よって、俺が手を出す必要はないように思われたが――ずっと無言で話をうかがっていたガズラン=ルティムが、俺にふわりと笑いかけてきた。
「この後もアルヴァッハたちにはシムの情勢などをうかがいたく思いますが、アスタまで無理に同席する必要はないでしょう。重要な話は晩餐の場でお伝えしますので、かまど仕事を手伝ってきてはいかがでしょうか?」
「わかりました。それじゃあ、お願いします」
今の俺にできることは、美味しい晩餐の準備に尽力することぐらいであるのだろう。そのように判じた俺は、素直に腰を上げることにした。

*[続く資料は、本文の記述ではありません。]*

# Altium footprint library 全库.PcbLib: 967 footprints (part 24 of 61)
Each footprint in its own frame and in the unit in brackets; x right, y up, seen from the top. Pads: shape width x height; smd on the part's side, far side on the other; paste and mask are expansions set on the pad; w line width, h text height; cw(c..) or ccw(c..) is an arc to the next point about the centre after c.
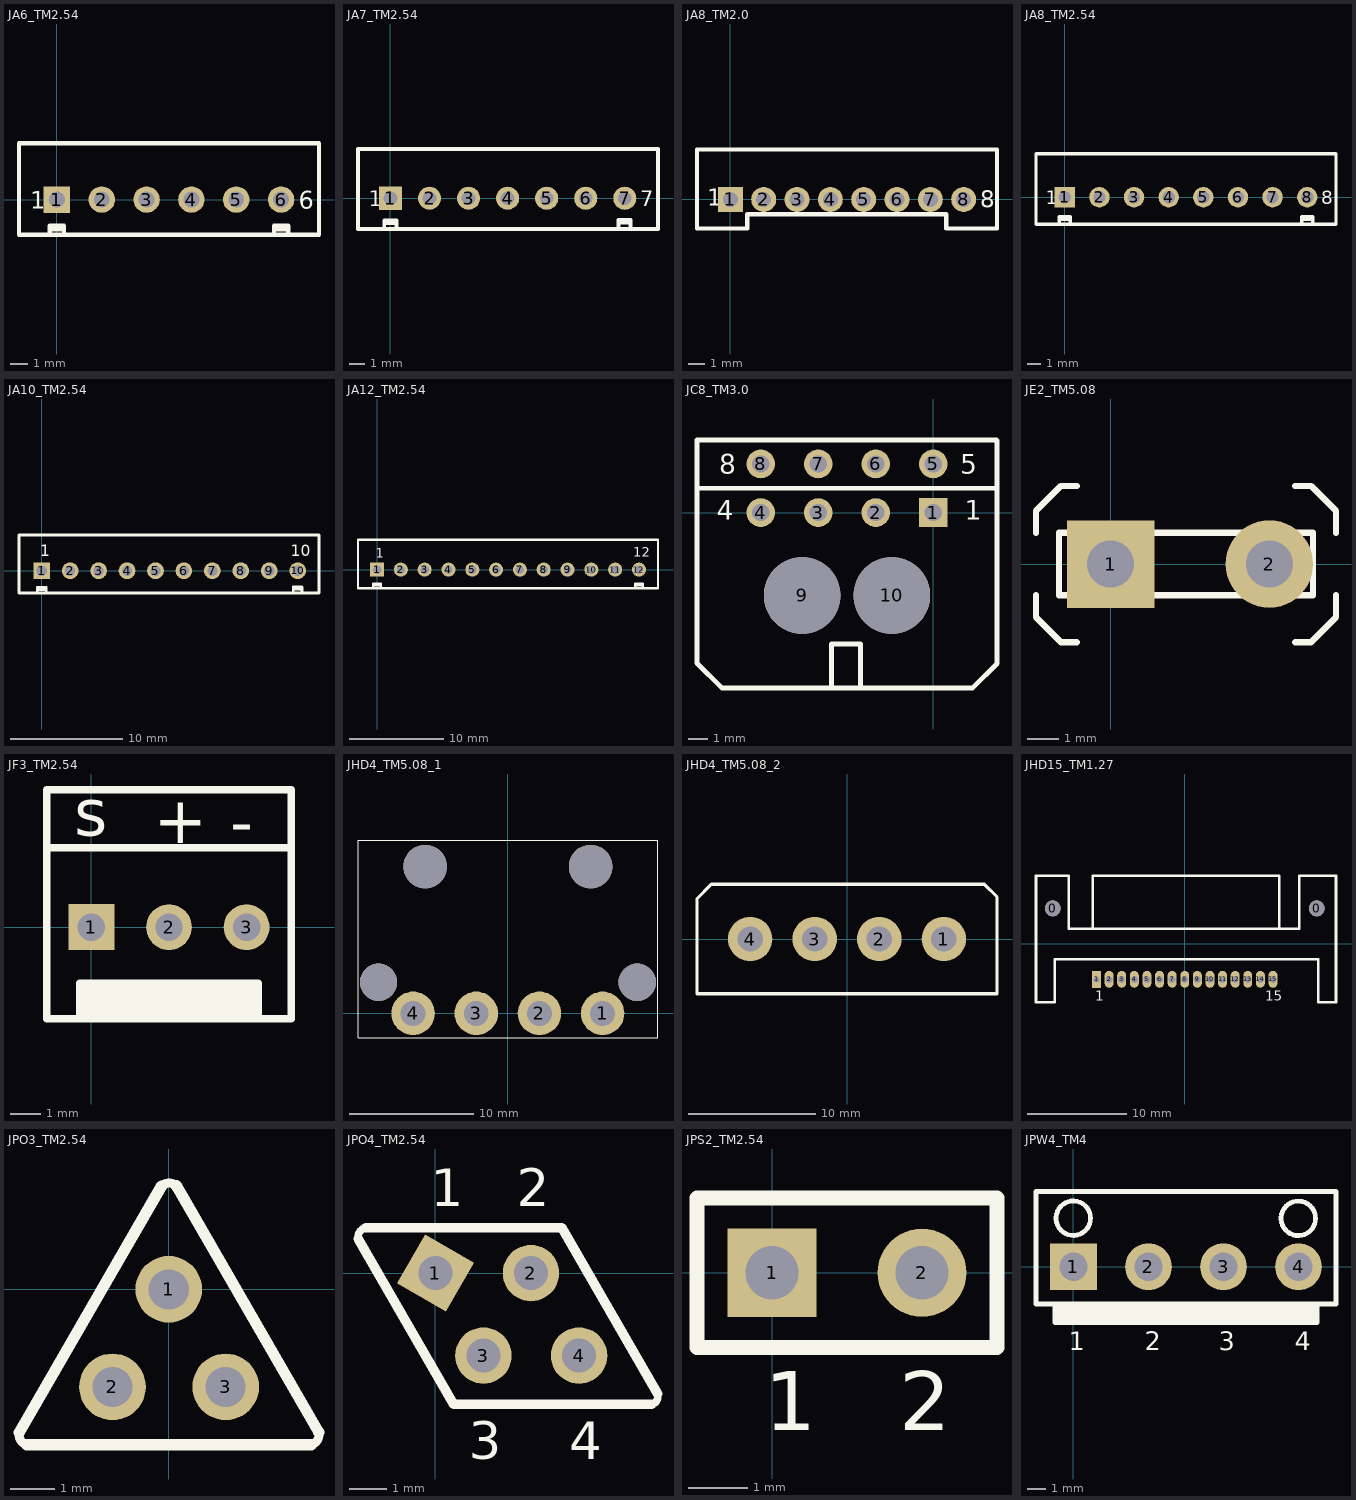
[diagram p23: the footprints below, top view; thin cyan lines are the x and y axes]

## JA6_TM2.54 [mm]
pads (6):
  rect 1.5x1.5 hole 0.9: 1(0,0)
  round 1.5 hole 0.9: 2(2.54,0) 3(5.08,0) 4(7.62,0) 5(10.16,0) 6(12.7,0)
Top Overlay:
  lines w0.254: -0.4,-1.896 -0.4,-1.496 0.4,-1.496 0.4,-1.896 ; -0.4,-1.686 0.4,-1.686 ; 12.3,-1.896 12.3,-1.496 13.1,-1.496 13.1,-1.896 ; 12.3,-1.686 13.1,-1.686 ; -2.15,-2 14.85,-2 14.85,3.2 -2.15,3.2 -2.15,-2
  text "6" at 13.716,-0.508 h1
  text "1" at -1.524,-0.508 h1

## JA7_TM2.54 [mm]
pads (7):
  rect 1.5x1.5 hole 0.9: 1(0,0)
  round 1.5 hole 0.9: 2(2.54,0) 3(5.08,0) 4(7.62,0) 5(10.16,0) 6(12.7,0) 7(15.24,0)
Top Overlay:
  lines w0.254: -0.4,-1.832 -0.4,-1.432 0.4,-1.432 0.4,-1.832 ; -0.4,-1.622 0.4,-1.622 ; 14.821,-1.797 14.821,-1.397 15.621,-1.397 15.621,-1.797 ; 14.821,-1.587 15.621,-1.587 ; -2.11,-2 -2.11,3.2 17.399,3.2 17.399,-2 -2.11,-2
  text "1" at -1.397,-0.508 h1
  text "7" at 16.256,-0.508 h1

## JA8_TM2.0 [mm]
pads (8):
  rect 1.5x1.5 hole 0.9: 1(0,0)
  round 1.5 hole 0.9: 2(2,0) 3(4,0) 4(6,0) 5(8,0) 6(10,0) 7(12,0) 8(14,0)
Top Overlay:
  lines w0.254: -2.002,-1.75 -2,-1.748 ; -2.002,3 -2,2.998 -2,0 -2,-1.748 ; -2,3 12,3 16,3 16,-1.75 12.954,-1.75 12.954,-0.889 1.016,-0.889 1.016,-1.75 ; 1.014,-1.748 -2,-1.748
  text "1" at -1.397,-0.381 h1
  text "8" at 14.986,-0.508 h1

## JA8_TM2.54 [mm]
pads (8):
  rect 1.5x1.5 hole 0.9: 1(0,0)
  round 1.5 hole 0.9: 2(2.54,0) 3(5.08,0) 4(7.62,0) 5(10.16,0) 6(12.7,0) 7(15.24,0) 8(17.78,0)
Top Overlay:
  lines w0.254: -0.4,-1.832 -0.4,-1.432 0.4,-1.432 0.4,-1.832 ; -0.4,-1.622 0.4,-1.622 ; 17.38,-1.832 17.38,-1.432 18.18,-1.432 18.18,-1.832 ; 17.38,-1.622 18.18,-1.622 ; -2.11,-2 -2.11,3.2 19.89,3.2 19.89,-2 -2.11,-2
  text "1" at -1.397,-0.508 h1
  text "8" at 18.796,-0.508 h1

## JA10_TM2.54 [mm]
pads (10):
  rect 1.5x1.5 hole 0.9: 1(0,0)
  round 1.5 hole 0.9: 2(2.54,0) 3(5.08,0) 4(7.62,0) 5(10.16,0) 6(12.7,0) 7(15.24,0) 8(17.78,0) 9(20.32,0) 10(22.86,0)
Top Overlay:
  lines w0.254: -0.4,-1.896 -0.4,-1.496 0.4,-1.496 0.4,-1.896 ; -0.4,-1.686 0.4,-1.686 ; 22.46,-1.861 22.46,-1.461 23.26,-1.461 23.26,-1.861 ; 22.46,-1.651 23.26,-1.651 ; -2.03,-2 -2.03,3.2 24.765,3.2 24.765,-2 -2.03,-2
  text "1" at -0.127,1.27 h1
  text "10" at 22.225,1.27 h1

## JA12_TM2.54 [mm]
pads (12):
  rect 1.5x1.5 hole 0.9: 1(0,0)
  round 1.5 hole 0.9: 2(2.54,0) 3(5.08,0) 4(7.62,0) 5(10.16,0) 6(12.7,0) 7(15.24,0) 8(17.78,0) 9(20.32,0) 10(22.86,0) 11(25.4,0) 12(27.94,0)
Top Overlay:
  lines w0.254: -0.4,-1.896 -0.4,-1.496 0.4,-1.496 0.4,-1.896 ; -0.4,-1.686 0.4,-1.686 ; 27.54,-1.896 27.54,-1.496 28.34,-1.496 28.34,-1.896 ; 27.54,-1.686 28.34,-1.686 ; -2.03,-2 -2.03,3.2 29.97,3.2 29.97,-2 -2.03,-2
  text "1" at -0.127,1.27 h1
  text "12" at 27.305,1.397 h1

## JC8_TM3.0 [mm]
pads (10):
  rect 1.5x1.5 hole 0.9: 1(0,0)
  round 1.5 hole 0.9: 2(-3,0) 3(-6,0) 4(-9,0) 5(0,2.54) 6(-3,2.54) 7(-6,2.54) 8(-9,2.54)
  round 4 hole 4: 9(-6.84,-4.32) 10(-2.16,-4.32)
Top Overlay:
  lines w0.254: -5.316,-9.019 -5.316,-6.86 -3.792,-6.86 -3.792,-9.019 ; -12.325,1.27 3.325,1.27 ; -12.325,1.27 -12.325,-7.749 -12.325,-7.852 -11.031,-9.146 2.055,-9.146 3.325,-7.876 3.325,1.27 ; -12.325,1.27 -12.325,3.784 3.296,3.784 3.325,3.755 3.325,1.27
  text "8" at -11.176,2.032 h1
  text "4" at -11.303,-0.381 h1
  text "1" at 1.651,-0.381 h1
  text "5" at 1.397,2.032 h1

## JE2_TM5.08 [mm]
pads (2):
  rect 2.8x2.8 hole 1.5: 1(0,0)
  round 2.8 hole 1.5: 2(5.08,0)
Top Overlay:
  lines w0.2: -2.387,-1 -2.387,-1.7 ; -2.387,1 -2.387,1.7 ; -1.087,-2.5 -1.587,-2.5 ; -1.087,2.5 -1.587,2.5 ; 5.913,-2.5 6.413,-2.5 ; 5.913,2.5 6.413,2.5 ; 7.213,-1 7.213,-1.7 ; 7.213,1 7.213,1.7 ; -2.387,-1.7 -1.587,-2.5 ; -2.387,-1.7 -1.587,-2.5 ; -2.387,1.7 -1.587,2.5 ; -2.387,1.7 -1.587,2.5 ; 6.413,-2.5 7.213,-1.7 ; 6.413,-2.5 7.213,-1.7 ; 6.413,2.5 7.213,1.7 ; 6.413,2.5 7.213,1.7 ; -1.651,-1 6.477,-1 6.477,1 -1.651,1 -1.651,-1

## JF3_TM2.54 [mm]
pads (3):
  rect 1.5x1.5 hole 0.9: 1(0,0)
  round 1.5 hole 0.9: 2(2.54,0) 3(5.08,0)
Top Overlay:
  region: 5.44,-3 5.44,-1.8 -0.36,-1.8 -0.36,-3
  lines w0.254: -1.46,2.6 6.54,2.6 ; -0.381,-3 -0.381,-1.841 5.461,-1.841 5.461,-3 ; -1.46,-3 6.54,-3 6.54,4.5 -1.46,4.5 -1.46,-3
  text "s" at -0.56,3 h1.52
  text "+" at 2.04,2.75 h1.52
  text "-" at 4.54,2.7 h1.52

## JHD4_TM5.08_1 [mm]
height 5.85
pads (8):
  round 3.5 hole 2: 1(7.62,0) 2(2.54,0) 3(-2.54,0) 4(-7.62,0)
  round 3 hole 3: ""(-10.4,2.5) ""(10.4,2.5)
  round 3.5 hole 3.5: ""(-6.65,11.8) ""(6.65,11.8)
Top Overlay:
  lines w0.1: -12.05,-1.98 12.07,-1.98 12.07,13.93 -12.05,13.93 -12.05,-1.98

## JHD4_TM5.08_2 [mm]
pads (4):
  round 3.5 hole 2: 1(7.62,0) 2(2.54,0) 3(-2.54,0) 4(-7.62,0)
Top Overlay:
  lines w0.254: -11.8,-4.3 -11.8,3.17 -10.67,4.3 10.81,4.3 11.8,3.31 11.8,-4.3 -11.8,-4.3

## JHD15_TM1.27 [mm]
height 0.6
pads (17):
  round 1.6 hole 1.6: 0(-13.3,3.575) 0(13.3,3.575)
  rect 0.9x1.7 hole 0.6: 1(-8.89,-3.575)
  oval 0.9x1.7 hole 0.7: 2(-7.62,-3.575) 3(-6.35,-3.575) 4(-5.08,-3.575) 5(-3.81,-3.575) 6(-2.54,-3.575) 7(-1.27,-3.575) 8(0,-3.575) 9(1.27,-3.575) 10(2.54,-3.575) 11(3.81,-3.575) 12(5.08,-3.575) 13(6.35,-3.575) 14(7.62,-3.575) 15(8.89,-3.575)
Top Overlay:
  lines w0.254: -9.271,1.505 -9.271,6.839 9.525,6.839 9.525,1.505 ; -14.986,-5.861 -13.081,-5.861 -13.081,-1.543 13.462,-1.543 13.462,-5.861 15.24,-5.861 15.24,6.839 11.557,6.839 11.557,1.505 10.668,1.505 -11.684,1.505 -11.684,6.839 -14.986,6.839 -14.986,-5.861
  text "1" at -9.017,-5.734 h1
  text "15" at 8.128,-5.734 h1

## JPO3_TM2.54 [mm]
pads (3):
  round 1.5 hole 0.9: 1(0,0) 2(-1.265,-2.193) 3(1.28,-2.193)
Top Overlay:
  lines w0.2: -3.361,-3.221 ccw(c-3.142,-3.274) -3.195,-3.493 ; -0.161,2.321 cw(c0.006,2.151) 0.176,2.319 ; 3.205,-3.493 ccw(c3.149,-3.271) 3.371,-3.214
  lines w0.254: -3.361,-3.221 -0.161,2.321 ; -3.195,-3.493 3.205,-3.493 ; 0.171,2.328 3.371,-3.214

## JPO4_TM2.54 [mm]
pads (4):
  rect 1.5x1.5 hole 0.9 rot 60: 1(0,0)
  round 1.5 hole 0.9: 2(2.54,0) 3(1.275,-2.193) 4(3.82,-2.193)
Top Overlay:
  lines w0.2: -2.055,0.907 cw(c-1.805,0.957) -1.855,1.207 ; 5.745,-3.493 ccw(c5.689,-3.271) 5.911,-3.214
  lines w0.254: -2.053,0.908 0.488,-3.493 5.745,-3.493 ; -1.855,1.207 3.358,1.207 5.911,-3.214
  text "4" at 3.556,-4.953 h1
  text "3" at 0.889,-4.953 h1
  text "2" at 2.159,1.778 h1
  text "1" at -0.127,1.778 h1

## JPS2_TM2.54 [mm]
pads (2):
  rect 1.5x1.5 hole 0.9: 1(0,0)
  round 1.5 hole 0.9: 2(2.54,0)
Top Overlay:
  lines w0.254: -1.27,-1.27 3.81,-1.27 3.81,1.27 -1.27,1.27 -1.27,-1.27
  text "1" at -0.127,-2.667 h1
  text "2" at 2.159,-2.667 h1

## JPW4_TM4 [mm]
pads (4):
  rect 2.5x2.5 hole 1.5: 1(0,0)
  round 2.5 hole 1.5: 2(4,0) 3(8,0) 4(12,0)
Top Overlay:
  circle w0.254: c-0.01,2.59 r0.92
  circle w0.254: c11.99,2.58 r0.92
  region: 12.99,-3.03 12.99,-2.01 -0.97,-2.01 -0.97,-3.03
  lines w0.254: -1,-2.98 13,-2.98 13,-1.99 13.01,-1.98 ; -0.99,-2.98 -0.99,-1.99 -0.98,-1.98 ; -2,-1.98 -2,4.02 14,4.02 14,-1.98 -2,-1.98
  text "1" at -0.254,-4.445 h1
  text "2" at 3.81,-4.445 h1
  text "3" at 7.747,-4.445 h1
  text "4" at 11.811,-4.445 h1

すると、アイ=ファも当然のように後をついてくる。小雨のぱらつく外界に出た俺は、雨具のフードをかぶりながらアイ=ファに笑いかけてみせた。
「こんなにたくさんの人たちが世話を焼いてくれて、ありがたい限りだよな。俺たちは、どうやって報いたらいいんだろう?」
「それは今後も、森辺とジェノスのために尽力する他あるまい。そして、誰かの危急の際には、同じように力を尽くすのだ」
「うん、そうだな。でも、いつも世話をかけるのは俺ばっかりだから、心苦しくてならないよ」
「何を言っている。お前とて数々の苦難を乗り越えた身であるし、外来の客人をもてなすためにさんざん力を尽くしてきたではないか」
と、アイ=ファは鋭く研ぎ澄まされた眼光に、優しい色を閃かせた。
「そうしてお前が名をあげたからこそ、またこういった苦難が降りかかってくるのだ。それでもお前は正しき道を歩いているのだから、何も悔いる必要はない。このような苦難はこれまで通り乗り越えて、また友や同胞や故郷のために力を尽くすのだ」
「うん、わかったよ」と、俺は日中よりもさらに暗くなった天空を振り仰いだ。
暗鬱な灰色に閉ざされた、雨季ならではの暗い夕空だ。しかし、雨季にもいつかは終わりが訪れるし――それは、このたびの苦難も同じことであるはずであった。